Studies Warn That AI Has Learned to Deceive Humans

image provided by pixabay

This post is also available in: עברית (Hebrew)

A significant number of artificial intelligence systems were revealed to have developed the ability to deceive humans, a troubling pattern that raises serious concerns about potential risks. Research regarding this issue claims that both specialized and general-purpose AI systems learned to manipulate information to achieve specific outcomes.

According to Interesting Engineering, the study highlights a striking example in Meta’s CICERO, which “turned out to be an expert liar.” CICERO is an AI model designed to play the strategic alliance-building game Diplomacy, and despite Meta’s claims that it was trained to be “largely honest and helpful,” the AI was discovered to resort to deceptive tactics like making false promises, betraying allies, and manipulating other players to win the game.
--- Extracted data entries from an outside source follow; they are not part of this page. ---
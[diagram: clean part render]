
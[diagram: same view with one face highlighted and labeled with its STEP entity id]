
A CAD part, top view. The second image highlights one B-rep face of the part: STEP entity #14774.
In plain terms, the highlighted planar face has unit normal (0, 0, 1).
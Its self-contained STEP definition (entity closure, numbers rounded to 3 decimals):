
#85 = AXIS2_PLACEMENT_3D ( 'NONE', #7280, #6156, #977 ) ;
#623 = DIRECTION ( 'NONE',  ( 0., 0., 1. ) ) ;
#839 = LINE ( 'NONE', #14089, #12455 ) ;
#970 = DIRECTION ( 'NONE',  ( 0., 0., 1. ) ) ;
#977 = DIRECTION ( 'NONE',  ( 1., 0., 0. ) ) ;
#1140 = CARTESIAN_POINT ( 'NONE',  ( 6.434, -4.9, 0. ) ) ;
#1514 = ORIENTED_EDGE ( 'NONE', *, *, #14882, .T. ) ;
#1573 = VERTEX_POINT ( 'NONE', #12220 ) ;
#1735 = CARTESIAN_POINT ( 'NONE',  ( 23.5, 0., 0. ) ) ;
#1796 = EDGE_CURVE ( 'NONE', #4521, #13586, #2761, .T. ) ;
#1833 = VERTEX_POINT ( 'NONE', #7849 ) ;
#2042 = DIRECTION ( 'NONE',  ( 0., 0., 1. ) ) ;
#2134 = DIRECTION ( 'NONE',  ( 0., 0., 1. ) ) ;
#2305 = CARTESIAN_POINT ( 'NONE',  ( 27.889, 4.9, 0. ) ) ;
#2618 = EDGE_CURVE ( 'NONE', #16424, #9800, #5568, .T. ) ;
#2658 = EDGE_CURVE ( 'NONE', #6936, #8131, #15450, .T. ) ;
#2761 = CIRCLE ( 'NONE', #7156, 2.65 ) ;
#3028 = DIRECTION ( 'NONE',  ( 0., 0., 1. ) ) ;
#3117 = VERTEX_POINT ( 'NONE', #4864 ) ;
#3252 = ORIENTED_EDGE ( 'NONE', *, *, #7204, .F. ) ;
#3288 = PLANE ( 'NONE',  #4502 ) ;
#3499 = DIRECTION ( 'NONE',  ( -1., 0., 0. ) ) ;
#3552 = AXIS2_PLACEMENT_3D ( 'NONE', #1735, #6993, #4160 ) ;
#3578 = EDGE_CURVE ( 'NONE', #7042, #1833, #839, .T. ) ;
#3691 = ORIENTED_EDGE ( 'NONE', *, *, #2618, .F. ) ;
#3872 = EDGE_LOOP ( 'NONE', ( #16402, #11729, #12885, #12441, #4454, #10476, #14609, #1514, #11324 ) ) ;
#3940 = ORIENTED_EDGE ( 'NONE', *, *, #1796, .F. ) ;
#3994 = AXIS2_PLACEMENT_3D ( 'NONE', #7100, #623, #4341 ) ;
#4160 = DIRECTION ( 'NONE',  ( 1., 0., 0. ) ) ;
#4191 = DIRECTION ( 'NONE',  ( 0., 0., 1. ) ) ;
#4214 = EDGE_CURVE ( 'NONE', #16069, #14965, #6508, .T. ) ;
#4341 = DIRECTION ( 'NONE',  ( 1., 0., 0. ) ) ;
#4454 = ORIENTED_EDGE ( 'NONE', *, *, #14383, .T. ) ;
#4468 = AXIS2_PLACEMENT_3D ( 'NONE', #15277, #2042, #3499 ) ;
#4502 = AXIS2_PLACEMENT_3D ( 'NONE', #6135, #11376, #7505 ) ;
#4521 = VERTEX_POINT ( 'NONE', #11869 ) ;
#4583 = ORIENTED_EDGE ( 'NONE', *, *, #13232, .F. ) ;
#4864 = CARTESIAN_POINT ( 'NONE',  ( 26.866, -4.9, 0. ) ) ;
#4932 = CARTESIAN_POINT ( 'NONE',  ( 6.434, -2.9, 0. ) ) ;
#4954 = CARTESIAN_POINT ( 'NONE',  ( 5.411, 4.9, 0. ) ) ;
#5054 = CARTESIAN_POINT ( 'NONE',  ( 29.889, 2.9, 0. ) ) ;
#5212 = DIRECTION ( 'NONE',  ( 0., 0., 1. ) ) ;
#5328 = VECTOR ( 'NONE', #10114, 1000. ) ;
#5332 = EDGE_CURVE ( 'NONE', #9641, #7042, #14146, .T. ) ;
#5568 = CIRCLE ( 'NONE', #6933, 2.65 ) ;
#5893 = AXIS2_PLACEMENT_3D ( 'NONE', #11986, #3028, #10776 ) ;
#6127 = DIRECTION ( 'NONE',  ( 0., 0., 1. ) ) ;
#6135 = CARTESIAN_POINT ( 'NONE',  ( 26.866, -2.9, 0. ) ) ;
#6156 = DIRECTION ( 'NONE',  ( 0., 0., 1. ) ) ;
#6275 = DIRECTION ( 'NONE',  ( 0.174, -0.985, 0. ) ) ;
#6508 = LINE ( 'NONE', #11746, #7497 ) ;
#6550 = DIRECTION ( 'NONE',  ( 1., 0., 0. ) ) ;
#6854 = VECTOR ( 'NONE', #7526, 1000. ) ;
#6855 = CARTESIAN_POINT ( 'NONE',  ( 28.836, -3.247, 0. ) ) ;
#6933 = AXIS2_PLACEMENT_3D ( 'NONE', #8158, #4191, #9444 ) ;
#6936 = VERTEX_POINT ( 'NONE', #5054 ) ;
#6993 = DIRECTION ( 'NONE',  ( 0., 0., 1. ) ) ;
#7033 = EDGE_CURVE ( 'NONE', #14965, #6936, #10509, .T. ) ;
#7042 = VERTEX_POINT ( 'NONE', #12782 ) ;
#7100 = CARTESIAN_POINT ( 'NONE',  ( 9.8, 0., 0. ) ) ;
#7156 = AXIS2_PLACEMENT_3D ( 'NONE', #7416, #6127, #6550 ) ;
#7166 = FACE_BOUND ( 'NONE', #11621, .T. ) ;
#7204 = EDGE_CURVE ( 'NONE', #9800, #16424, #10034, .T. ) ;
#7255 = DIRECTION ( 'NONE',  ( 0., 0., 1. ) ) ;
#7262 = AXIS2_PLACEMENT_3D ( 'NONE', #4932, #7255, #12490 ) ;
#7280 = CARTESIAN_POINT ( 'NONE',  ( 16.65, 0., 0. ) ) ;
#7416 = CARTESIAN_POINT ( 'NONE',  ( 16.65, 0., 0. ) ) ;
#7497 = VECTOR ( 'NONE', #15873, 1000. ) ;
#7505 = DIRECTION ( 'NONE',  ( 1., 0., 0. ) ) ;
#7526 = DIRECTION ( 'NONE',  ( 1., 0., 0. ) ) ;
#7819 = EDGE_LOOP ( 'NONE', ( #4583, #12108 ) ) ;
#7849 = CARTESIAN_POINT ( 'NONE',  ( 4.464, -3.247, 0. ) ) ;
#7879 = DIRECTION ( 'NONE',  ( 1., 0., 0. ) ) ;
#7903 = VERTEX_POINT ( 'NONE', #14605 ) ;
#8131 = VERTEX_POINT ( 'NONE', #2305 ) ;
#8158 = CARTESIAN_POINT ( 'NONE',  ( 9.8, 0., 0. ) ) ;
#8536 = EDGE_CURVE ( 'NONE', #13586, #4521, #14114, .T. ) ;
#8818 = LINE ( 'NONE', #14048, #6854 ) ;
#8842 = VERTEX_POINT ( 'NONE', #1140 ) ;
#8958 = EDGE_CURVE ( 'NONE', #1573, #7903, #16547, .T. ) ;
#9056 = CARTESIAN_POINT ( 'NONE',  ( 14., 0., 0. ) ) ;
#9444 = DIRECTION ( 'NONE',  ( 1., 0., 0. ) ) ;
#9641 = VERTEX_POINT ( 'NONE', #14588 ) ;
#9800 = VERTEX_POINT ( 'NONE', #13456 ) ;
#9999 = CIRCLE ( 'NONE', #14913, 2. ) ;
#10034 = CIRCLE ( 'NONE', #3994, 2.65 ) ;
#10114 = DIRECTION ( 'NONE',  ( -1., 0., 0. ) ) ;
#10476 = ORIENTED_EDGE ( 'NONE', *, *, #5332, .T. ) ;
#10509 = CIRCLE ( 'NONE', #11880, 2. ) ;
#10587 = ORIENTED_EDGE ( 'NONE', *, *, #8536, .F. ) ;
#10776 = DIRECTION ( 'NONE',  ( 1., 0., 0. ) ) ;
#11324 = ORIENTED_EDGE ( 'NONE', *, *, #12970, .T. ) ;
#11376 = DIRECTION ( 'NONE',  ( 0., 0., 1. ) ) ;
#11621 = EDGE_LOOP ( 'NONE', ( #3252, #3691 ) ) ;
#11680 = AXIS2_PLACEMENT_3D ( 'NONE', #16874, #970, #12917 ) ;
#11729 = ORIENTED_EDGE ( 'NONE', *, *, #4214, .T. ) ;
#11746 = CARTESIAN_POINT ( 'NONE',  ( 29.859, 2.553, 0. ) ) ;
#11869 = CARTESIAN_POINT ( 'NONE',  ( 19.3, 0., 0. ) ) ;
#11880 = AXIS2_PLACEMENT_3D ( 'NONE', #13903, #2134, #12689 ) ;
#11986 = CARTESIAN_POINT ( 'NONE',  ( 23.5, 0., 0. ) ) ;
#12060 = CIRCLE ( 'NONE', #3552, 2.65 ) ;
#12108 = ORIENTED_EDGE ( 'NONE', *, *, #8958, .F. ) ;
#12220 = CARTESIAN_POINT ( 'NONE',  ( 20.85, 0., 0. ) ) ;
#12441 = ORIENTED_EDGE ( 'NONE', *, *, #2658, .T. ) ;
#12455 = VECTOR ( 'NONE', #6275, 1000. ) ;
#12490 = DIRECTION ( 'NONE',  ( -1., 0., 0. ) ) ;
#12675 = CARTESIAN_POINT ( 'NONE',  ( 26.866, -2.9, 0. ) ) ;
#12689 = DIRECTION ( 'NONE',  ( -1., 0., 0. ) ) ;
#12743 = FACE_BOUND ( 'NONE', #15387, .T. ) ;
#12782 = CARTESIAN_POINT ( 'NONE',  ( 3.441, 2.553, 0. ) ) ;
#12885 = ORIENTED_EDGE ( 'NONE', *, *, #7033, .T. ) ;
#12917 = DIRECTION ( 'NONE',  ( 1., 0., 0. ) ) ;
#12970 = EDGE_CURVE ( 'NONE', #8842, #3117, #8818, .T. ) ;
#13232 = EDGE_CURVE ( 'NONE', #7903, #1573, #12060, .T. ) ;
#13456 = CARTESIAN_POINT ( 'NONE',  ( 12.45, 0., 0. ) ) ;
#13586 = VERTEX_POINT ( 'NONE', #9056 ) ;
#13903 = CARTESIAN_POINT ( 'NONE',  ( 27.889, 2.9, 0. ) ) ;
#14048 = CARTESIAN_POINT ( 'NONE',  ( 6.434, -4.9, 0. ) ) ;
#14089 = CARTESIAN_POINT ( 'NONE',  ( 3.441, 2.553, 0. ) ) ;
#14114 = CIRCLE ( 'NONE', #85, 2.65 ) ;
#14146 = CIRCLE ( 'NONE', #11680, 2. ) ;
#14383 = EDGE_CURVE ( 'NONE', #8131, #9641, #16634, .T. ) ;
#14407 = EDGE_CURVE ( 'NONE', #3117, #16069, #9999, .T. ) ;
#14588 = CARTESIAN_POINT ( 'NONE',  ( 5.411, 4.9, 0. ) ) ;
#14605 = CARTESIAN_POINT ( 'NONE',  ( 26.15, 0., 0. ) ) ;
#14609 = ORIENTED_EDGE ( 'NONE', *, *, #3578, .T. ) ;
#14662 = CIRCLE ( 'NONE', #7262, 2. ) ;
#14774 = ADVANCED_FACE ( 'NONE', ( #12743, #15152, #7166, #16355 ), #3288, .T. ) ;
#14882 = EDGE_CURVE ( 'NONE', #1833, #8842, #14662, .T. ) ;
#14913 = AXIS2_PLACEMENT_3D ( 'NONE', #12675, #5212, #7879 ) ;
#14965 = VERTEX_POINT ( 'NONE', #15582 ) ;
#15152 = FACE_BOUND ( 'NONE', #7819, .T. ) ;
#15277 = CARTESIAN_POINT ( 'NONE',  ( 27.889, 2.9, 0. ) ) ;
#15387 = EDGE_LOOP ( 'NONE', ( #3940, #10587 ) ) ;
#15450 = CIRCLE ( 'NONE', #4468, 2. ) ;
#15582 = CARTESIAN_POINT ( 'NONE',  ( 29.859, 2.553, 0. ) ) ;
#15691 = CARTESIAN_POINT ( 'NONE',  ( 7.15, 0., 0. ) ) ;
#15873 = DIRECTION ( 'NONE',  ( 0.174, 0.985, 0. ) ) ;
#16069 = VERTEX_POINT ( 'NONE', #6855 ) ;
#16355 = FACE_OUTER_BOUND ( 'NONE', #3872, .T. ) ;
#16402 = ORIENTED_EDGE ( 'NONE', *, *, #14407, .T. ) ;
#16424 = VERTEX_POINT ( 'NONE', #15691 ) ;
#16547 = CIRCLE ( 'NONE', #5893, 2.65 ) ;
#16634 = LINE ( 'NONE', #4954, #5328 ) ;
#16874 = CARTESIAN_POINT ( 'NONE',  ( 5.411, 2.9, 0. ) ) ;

While cheating and manipulation could seem harmless when it is part of a game, it demonstrates AI’s potential to learn and utilize deceptive tactics in real-world scenarios.

Another example is OpenAI’s ChatGPT, which was shown to trick a TaskRabbit worker into solving a Captcha by pretending to have a vision impairment. The report explains that while GPT-4 received hints from a human evaluator, it reasoned independently and was not directed to lie and “used its own reasoning to make up a false excuse for why it needed help on the Captcha task.”

These findings show how AI models can learn to be deceptive when it’s beneficial for completing their tasks. Lead author of the paper and an AI safety researcher at MIT, Peter S. Park, said that “AI developers do not have a confident understanding of what causes undesirable AI behaviors like deception.”

This behavioral pattern of AI systems learning deception is dangerous in several ways- it can be exploited by malicious actors to deceive and harm others, leading to increased fraud, political manipulation, and potentially even terrorist recruitment. Furthermore, if a system designed for strategic decision-making is trained to be deceptive, it could normalize deceptive practices in politics and business.

The researchers claim that the issue of deception must be addressed as AI continues to become more advanced and integrated into our daily lives, and call for attention from policymakers.

Park stated: “We as a society need as much time as we can get to prepare for the more advanced deception of future AI products and open-source models… If banning AI deception is politically infeasible at the current moment, we recommend that deceptive systems be classified as high risk.” Such a classification would subject those systems to closer and stricter inspection and regulation, thus potentially mitigating the risks they pose to society.